Sorprender: 1. Conmover, suspender o maravillar con algo imprevisto, extraño o incomprensible. 2. Tomar desprevenido a alguien. 3. Descubrir una cosa que se esconde u oculta. 4. Experimentar sorpresa.
—No sé de qué me hablan —dijo Arias con su voz sacada de la cueva. Sostenía varias bolsas de supermercado en cada una de sus manazas.
—Me mintió —insistió Caldas—. Me aseguró que no había hablado con Castelo en años.
—Porque es cierto —gruñó, dejando las bolsas en el suelo.
Leo Caldas agradeció estar acompañado de Estévez. Aquel callejón no era un buen lugar para enfadar a un hombre del tamaño del marinero.
—Sabemos que habló con él.
Arias se volvió hacia la entrada del callejón por la que había desaparecido su vecina y Caldas pensó que, de haber continuado allí, la mujer habría caído fulminada.
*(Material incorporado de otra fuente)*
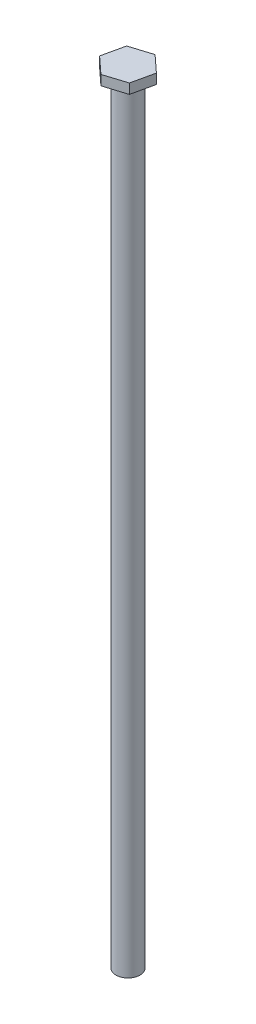
SolidWorks part; units mm, degrees
ref_plane "Front Plane" through (0, 0, 0) normal (0, 0, 1) x (1, 0, 0)
ref_plane "Top Plane" through (0, 0, 0) normal (0, 1, 0) x (1, 0, 0)
ref_plane "Right Plane" through (0, 0, 0) normal (1, 0, 0) x (0, 0, -1)
sketch "Sketch2" plane through (0, 0, 0) normal (0, 1, 0) x (1, 0, 0)
  circle A0 centre (0, 0) radius 0.6114
extrude "Boss-Extrude3" add sketch "Sketch2" along normal blind 4 and the other way blind 50
sketch "Sketch3" plane through (0, 4, 0) normal (0, 1, 0) x (1, 0, 0)
  line L1 (0.8425, -0.7742) -> (1.0917, 0.3425)
  line L2 (1.0917, 0.3425) -> (0.2492, 1.1167)
  line L3 (0.2492, 1.1167) -> (-0.8425, 0.7742)
  line L4 (-0.8425, 0.7742) -> (-1.0917, -0.3425)
  line L5 (-1.0917, -0.3425) -> (-0.2492, -1.1167)
  line L6 (-0.2492, -1.1167) -> (0.8425, -0.7742)
  circle A0 centre (0, 0) radius 0.9909 construction
  point P1 (0, 0)
extrude "Boss-Extrude4" add sketch "Sketch3" along normal blind 0.5
sketch "Sketch4" plane through (0, -50, 0) normal (0, -1, 0) x (-1, 0, 0)
  line L1 (1.1366, 1.7225) -> (-2.8642, 1.7225)
  line L2 (1.1366, 1.7225) -> (1.1366, -1.911)
  line L3 (1.1366, -1.911) -> (-2.8642, -1.911)
  line L4 (-2.8642, 1.7225) -> (-2.8642, -1.911)
extrude "Cut-Extrude1" cut sketch "Sketch4" against normal blind 15

—Lo dice el registro telefónico de Castelo. ¿Sabe a quién llamó por última vez?
—¿Cómo voy a saberlo?
—Le llamó a usted —dijo Caldas mirándole a los ojos—. El sábado por la tarde, la víspera de su muerte.
—¿A mí?
Caldas imaginaba que, al verse sorprendido en una mentira, desviaría la mirada o realizaría algún gesto esquivo. Sin embargo, Arias parecía extrañado.
—¿No es suyo este número? —preguntó Caldas citando las cifras una tras otra, por si hubiese un error.
Cuando Arias confirmó que se trataba de su teléfono, añadió:
—¿Recuerda ahora la llamada del sábado por la tarde?
Arias bajó la cabeza.
—¿Puedo preguntar para qué le llamó? Si no se trataban en persona cómo explica que le telefonease.
El marinero continuó unos segundos con la mirada en el pavimento, y Caldas pensó en su programa de radio, en la música que el imbécil de Losada se empeñaba en hacer sonar mientras reflexionaba.
—El Rubio había perdido una defensa en la mar —dijo al fin el marinero—. Llamó para preguntar si la había encontrado.
—¿Una qué?
—Una defensa —repitió el pescador—, una boya de las que protegen los barcos. A veces se caen.
—¿Y por qué no me lo dijo cuando le pregunté si había hablado con él?
Arias se agachó para recoger las bolsas.
—No me acordé.
Habían dejado atrás Monteferro cuando las primeras gotas mojaron el parabrisas del coche. Al principio era sólo una lluvia suave, pero pronto se convirtió en un aguacero copioso. Algunas gotas se colaban por la rendija abierta en la ventanilla del inspector.
—Nos mintió —dijo Rafael Estévez.
—Lo sé.
—¿Y por qué no mencionó la visita de Castelo?
—¿Y comprometer a su vecina? —Leo Caldas chasqueó la lengua—. Además, nos habría puesto cualquier excusa, como hizo con la llamada.
—Eso sí.
El inspector se recostó en su asiento y recordó la frase que la vecina fisgona de Arias había oído decir a Castelo. «No aguanto más», repetía el Rubio al entrar en la casa. El camarero del Refugio del Pescador había escuchado una expresión similar el sábado por la tarde. «Voy a terminar con todo», había murmurado Castelo después de apurar su copa. Ahora aquellas frases retumbaban en la mente del inspector. ¿Qué mantenía a Castelo en ese estado de angustia? Las pintadas en la chalupa, los amuletos encontrados entre sus ropas y la visita desesperada a su antiguo compañero de naufragio apuntaban en una sola dirección, en la misma que señalaban la huella en la cabeza del Rubio y el temor dibujado en los rostros de José Arias y Marcos Valverde.
El chaparrón había pasado y los limpiaparabrisas podían descansar varios segundos antes de barrer el agua de lluvia en el cristal. Cuando Caldas abrió los ojos vio, a la izquierda, las crestas de las olas salpicando de blanco el gris intenso del mar. Se preguntaba dónde estaría la embarcación de Castelo. Alguien había tenido que acercarse desde otro barco para matarlo. ¿Qué diablos había sucedido con el del Rubio?
Miró hacia el frente, a la ciudad de Vigo tendida junto a la ría como una mancha. Primero las casas bajas, luego los edificios altos del ensanche de Coia, y, más allá, el resto de la ciudad desordenada en las laderas, con la silueta del hospital elevándose sobre las demás edificaciones cerca del monte del Castro.
Leo Caldas cerró los ojos de nuevo y sus pensamientos volaron desde el barco de Justo Castelo hasta la habitación 211 de aquel rascacielos, hasta el brazo escuálido de su tío Alberto y la mascarilla verde que le permitía respirar.